Somehow, I don't think we're losing anything by not accepting an email message this week from one 'netaleloto_awrd_006@hotmail.it'.
The SBL listings are SBL50384, from January 2007, SBL46422, from September 2006, and SBL32972, from November 2005, when it was spamming through Hotmail.

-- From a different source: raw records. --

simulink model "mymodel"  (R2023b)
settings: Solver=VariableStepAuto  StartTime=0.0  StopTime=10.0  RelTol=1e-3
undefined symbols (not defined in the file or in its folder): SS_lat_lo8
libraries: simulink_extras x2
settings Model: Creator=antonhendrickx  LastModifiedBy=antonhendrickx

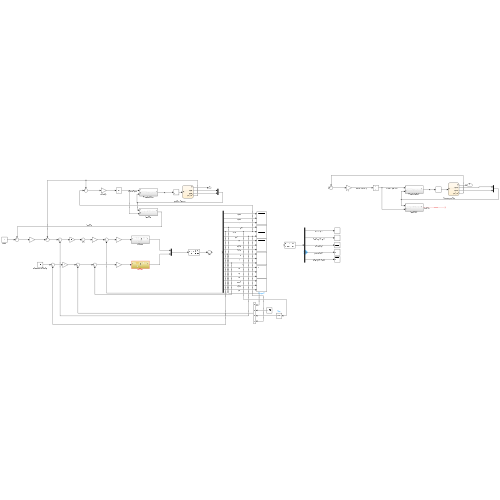
[thumbnail: Simulink's stored preview of the top-level diagram]
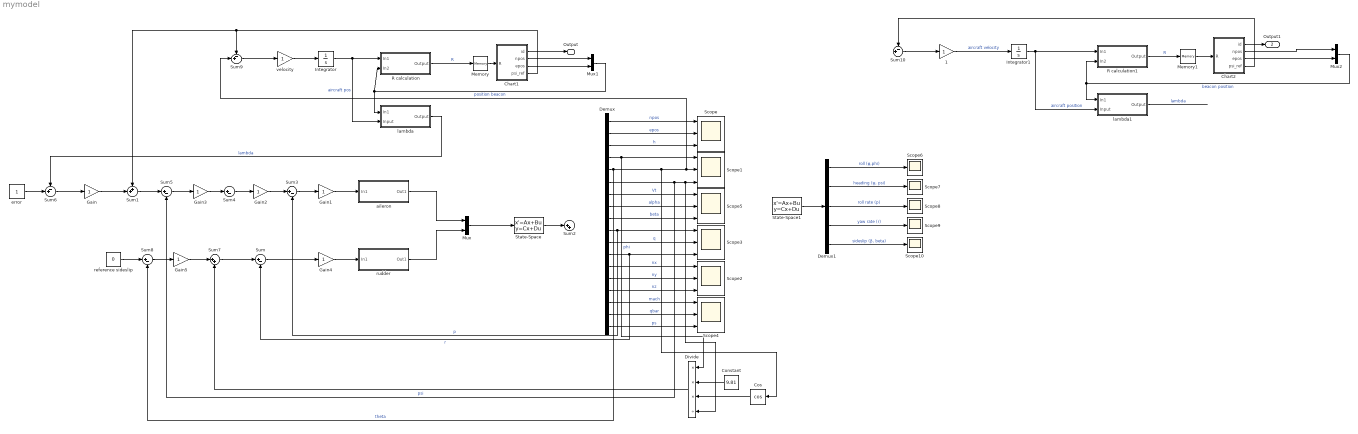
== system mymodel ==
  1 : Gain
  Chart1 : Stateflow chart  TreatAsAtomicUnit=on
  Chart2 : Stateflow chart  TreatAsAtomicUnit=on
  Constant : Constant  Value=9.81
  Cos : Trigonometry  Operator=cos
  Demux : Demux  Outputs=18
  Demux1 : Demux  Outputs=5
  Divide : Product  Inputs=***/
  Gain{,1..5} (6 alike) : Gain
  Integrator : Integrator
  Integrator1 : Integrator
  Memory : Memory
  Memory1 : Memory
  Mux : Mux  Inputs=2
  Mux1 : Mux  Inputs=2
  Mux2 : Mux  Inputs=2
  R calculation : Subsystem
  R calculation1 : Subsystem
  Scope{,1..5} (6 alike) : Scope  NumInputPorts=3
  Scope{6..10} (5 alike) : Scope
  State-Space : StateSpace  A=SS_lat_lo8.A  B=SS_lat_lo8.B  C=SS_lat_lo8.C  D=SS_lat_lo8.D  InitialCondition=0
  State-Space1 : StateSpace  InitialCondition=0
  Sum{,3..5,8} (5 alike) : Sum  Inputs=|+-
  Sum1 : Sum  Inputs=++|
  Sum10 : Sum  Inputs=-+|
  Sum2 : Sum  Inputs=|++
  Sum6 : Sum  Inputs=-+|
  Sum7 : Sum  Inputs=|++
  Sum9 : Sum  Inputs=-+|
  aileron : Subsystem
  error : Constant
  lambda : Subsystem
  lambda1 : Subsystem
  reference sideslip : Constant  Value=0
  rudder : Subsystem
  velocity : Gain
  Output : Outport
  Output1 : Outport  Port=2
  wires:
  Gain/1 -> Sum1/2
  Mux/1 -> State-Space/1
  aileron/1(Out1) -> Mux/1
  rudder/1(Out1) -> Mux/2
  Gain1/1 -> aileron/1(In1)
  Sum3/1 -> Gain1/1
  Gain2/1 -> Sum3/1
  Sum4/1 -> Gain2/1
  Gain3/1 -> Sum4/1
  Sum5/1 -> Gain3/1
  error/1 -> Sum6/2
  Sum6/1 -> Gain/1
  Sum1/1 -> Sum5/1
  Gain4/1 -> rudder/1(In1)
  Sum/1 -> Gain4/1
  Sum7/1 -> Sum/1
  Gain5/1 -> Sum7/1
  reference sideslip/1 -> Sum8/1
  Sum8/1 -> Gain5/1
  Demux/1 -> Scope/1  "npos"
  Demux/2 -> Scope/2  "epos"
  Demux/3 -> Scope/3  "h"
  Demux/4 -> Divide/1, Scope1/1  "phi"
  Demux/5 -> Sum8/2, Cos/1, Scope1/2, Sum9/2  "theta"
  Demux/6 -> Divide/4, Scope1/3, Sum5/2  "psi"
  Demux/7 -> Scope5/1  "Vt"
  Demux/8 -> Scope5/2  "alpha"
  Demux/9 -> Scope5/3  "beta"
  Demux/10 -> Sum3/2, Scope3/1  "p"
  Demux/11 -> Scope3/2  "q"
  Demux/12 -> Scope3/3, Sum/2  "r"
  Demux/13 -> Scope2/1  "nx"
  Demux/14 -> Scope2/2  "ny"
  Demux/15 -> Scope2/3  "nz"
  Demux/16 -> Scope4/1  "mach"
  Demux/17 -> Scope4/2  "qbar"
  Demux/18 -> Scope4/3  "ps"
  Chart1/1(id) -> Output/1
  Chart1/2(npos) -> Mux1/1
  Memory/1 -> Chart1/1(R)
  Chart1/3(epos) -> Mux1/2
  Sum9/1 -> velocity/1
  velocity/1 -> Integrator/1
  Integrator/1 -> lambda/2(Input), R calculation/1(In1)  "aircraft pos"
  Chart1/4(psi_ref) -> Sum9/1, Sum1/1
  Mux1/1 -> lambda/1(In1), R calculation/2(In2)  "position beacon"
  R calculation/1(Output) -> Memory/1  "R"
  lambda/1(Output) -> Sum6/1  "lambda"
  Divide/1 -> Sum7/2
  Constant/1 -> Divide/2
  Cos/1 -> Divide/3
  State-Space/1 -> Sum2/1
  Demux1/1 -> Scope6/1  "roll (φ,phi)"
  Demux1/2 -> Scope7/1  "heading (ψ, psi)"
  Demux1/3 -> Scope8/1  "roll rate (p)"
  Demux1/4 -> Scope9/1  "yaw rate (r)"
  Demux1/5 -> Scope10/1  "sideslip (β, beta)"
  State-Space1/1 -> Demux1/1
  Integrator1/1 -> lambda1/2(Input), R calculation1/1(In1)  "aircraft position"
  1/1 -> Integrator1/1  "aircraft velocity"
  Memory1/1 -> Chart2/1(R)
  R calculation1/1(Output) -> Memory1/1  "R"
  Chart2/1(id) -> Output1/1
  Chart2/2(npos) -> Mux2/1
  Chart2/3(epos) -> Mux2/2
  Chart2/4(psi_ref) -> Sum10/1
  Sum10/1 -> 1/1
  Mux2/1 -> lambda1/1(In1), R calculation1/2(In2)  "beacon position"
  lambda1/1(Output) -> ?  "lambda"

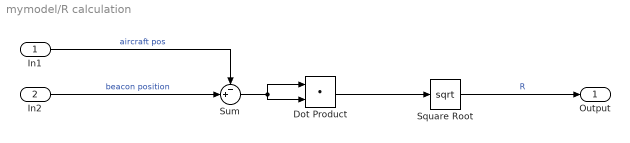
== system mymodel/R calculation ==
  In1 : Inport
  In2 : Inport  Port=2
  Dot Product : DotProduct  OutDataTypeStr=Inherit: Inherit via internal rule
  Square Root : Sqrt
  Sum : Sum  Inputs=-+|
  Output : Outport
  wires:
  In2/1 -> Sum/2  "beacon position"
  In1/1 -> Sum/1  "aircraft pos"
  Square Root/1 -> Output/1  "R"
  Dot Product/1 -> Square Root/1
  Sum/1 -> Dot Product/1, Dot Product/2

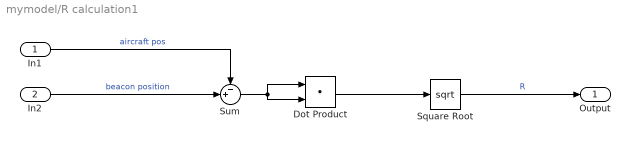
== system mymodel/R calculation1 ==
  In1 : Inport
  In2 : Inport  Port=2
  Dot Product : DotProduct  OutDataTypeStr=Inherit: Inherit via internal rule
  Square Root : Sqrt
  Sum : Sum  Inputs=-+|
  Output : Outport
  wires:
  In2/1 -> Sum/2  "beacon position"
  In1/1 -> Sum/1  "aircraft pos"
  Square Root/1 -> Output/1  "R"
  Dot Product/1 -> Square Root/1
  Sum/1 -> Dot Product/1, Dot Product/2

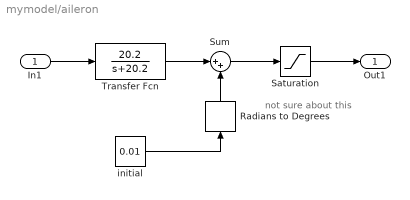
== system mymodel/aileron ==
  note: not sure about this
  In1 : Inport
  Radians to Degrees : simulink_extras/Transformations/Radians to Degrees
  Saturation : Saturate  UpperLimit=21.5  LowerLimit=-21.5
  Sum : Sum  Inputs=|++
  Transfer Fcn : TransferFcn  Numerator=[20.2]  Denominator=[1 20.2]
  initial : Constant  Value=0.01
  Out1 : Outport
  wires:
  Transfer Fcn/1 -> Sum/1
  Sum/1 -> Saturation/1
  Saturation/1 -> Out1/1
  In1/1 -> Transfer Fcn/1
  Radians to Degrees/1 -> Sum/2
  initial/1 -> Radians to Degrees/1

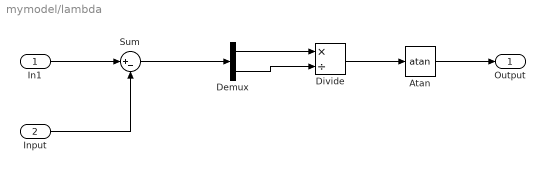
== system mymodel/lambda ==
  In1 : Inport
  Input : Inport  Port=2
  Atan : Trigonometry  Operator=atan
  Demux : Demux  Outputs=2
  Divide : Product  Inputs=*/
  Sum : Sum  Inputs=|+-
  Output : Outport
  wires:
  In1/1 -> Sum/1
  Sum/1 -> Demux/1
  Demux/2 -> Divide/2
  Demux/1 -> Divide/1
  Divide/1 -> Atan/1
  Atan/1 -> Output/1
  Input/1 -> Sum/2

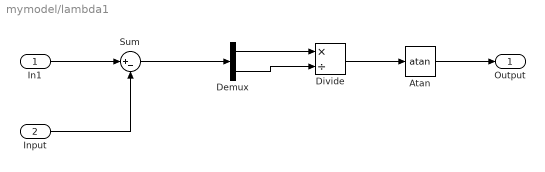
== system mymodel/lambda1 ==
  In1 : Inport
  Input : Inport  Port=2
  Atan : Trigonometry  Operator=atan
  Demux : Demux  Outputs=2
  Divide : Product  Inputs=*/
  Sum : Sum  Inputs=|+-
  Output : Outport
  wires:
  In1/1 -> Sum/1
  Sum/1 -> Demux/1
  Demux/2 -> Divide/2
  Demux/1 -> Divide/1
  Divide/1 -> Atan/1
  Atan/1 -> Output/1
  Input/1 -> Sum/2

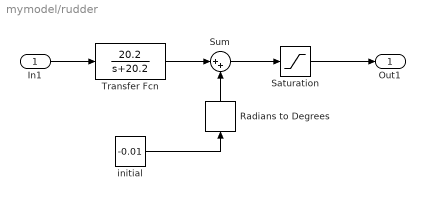
== system mymodel/rudder ==
  In1 : Inport
  Radians to Degrees : simulink_extras/Transformations/Radians to Degrees
  Saturation : Saturate  UpperLimit=30  LowerLimit=-30
  Sum : Sum  Inputs=|++
  Transfer Fcn : TransferFcn  Numerator=[20.2]  Denominator=[1 20.2]
  initial : Constant  Value=-0.01
  Out1 : Outport
  wires:
  Transfer Fcn/1 -> Sum/1
  Sum/1 -> Saturation/1
  In1/1 -> Transfer Fcn/1
  Radians to Degrees/1 -> Sum/2
  initial/1 -> Radians to Degrees/1
  Saturation/1 -> Out1/1

== stateflow chart mymodel/Chart1 ==
  settings: updateMethod=DISCRETE  sampleTime=0.1
  state beacon1
    id=1;
    npos=15000;
    epos=15000;
    psi_ref=45;
  state beacon2
    id=2;
    npos=0;
    epos=30000;
    psi_ref=135;
  state beacon3
    id=3;
    npos=-15000;
    epos=30000;
    psi_ref=180;
  state beacon4
    id=4;
    npos=-30000;
    epos=45000;
    psi_ref=135;
  state beacon5
    id=5;
    npos=0;
    epos=0;
    psi_ref=0;
  (default) -> beacon1
  beacon2 -> beacon3 : [R<5000]
  beacon3 -> beacon4 : [R<5000]
  beacon1 -> beacon2 : [R<5000]
  beacon4 -> beacon5 : [R<5000]
  beacon5 -> beacon1 : [R<5000]
  data: R input; id output; npos output; epos output; psi_ref output

== stateflow chart mymodel/Chart2 ==
  settings: updateMethod=DISCRETE  sampleTime=0.1
  state beacon1
    id=1;
    npos=15000;
    epos=15000;
    psi_ref=45;
  state beacon2
    id=2;
    npos=0;
    epos=30000;
    psi_ref=135;
  state beacon3
    id=3;
    npos=-15000;
    epos=30000;
    psi_ref=180;
  state beacon4
    id=4;
    npos=-30000;
    epos=45000;
    psi_ref=135;
  state beacon5
    id=5;
    npos=0;
    epos=0;
    psi_ref=0;
  (default) -> beacon1
  beacon2 -> beacon3 : [R<5000]
  beacon3 -> beacon4 : [R<5000]
  beacon1 -> beacon2 : [R<5000]
  beacon4 -> beacon5 : [R<5000]
  beacon5 -> beacon1 : [R<5000]
  data: R input; id output; npos output; epos output; psi_ref output

I have no words.
And the final numbers:
| what | # this week | (distinct IPs) | # last week | (distinct IPs) |
Bad HELOs |
982 | 113 | 1171 | 134 |
| Bad bounces | 105 | 88 | 229 | 130 |
Germany and Russia seem to be the leading sources of bad bounces this week, with the usual contributions from various other places. Unlike last week, there's no particularly big single source; like last week, the most common bad usernames continue to be alphabetical jumbles, with a certain amount of more plausible ones mixed in. Bad bounces were sent to 96 different bad usernames this week.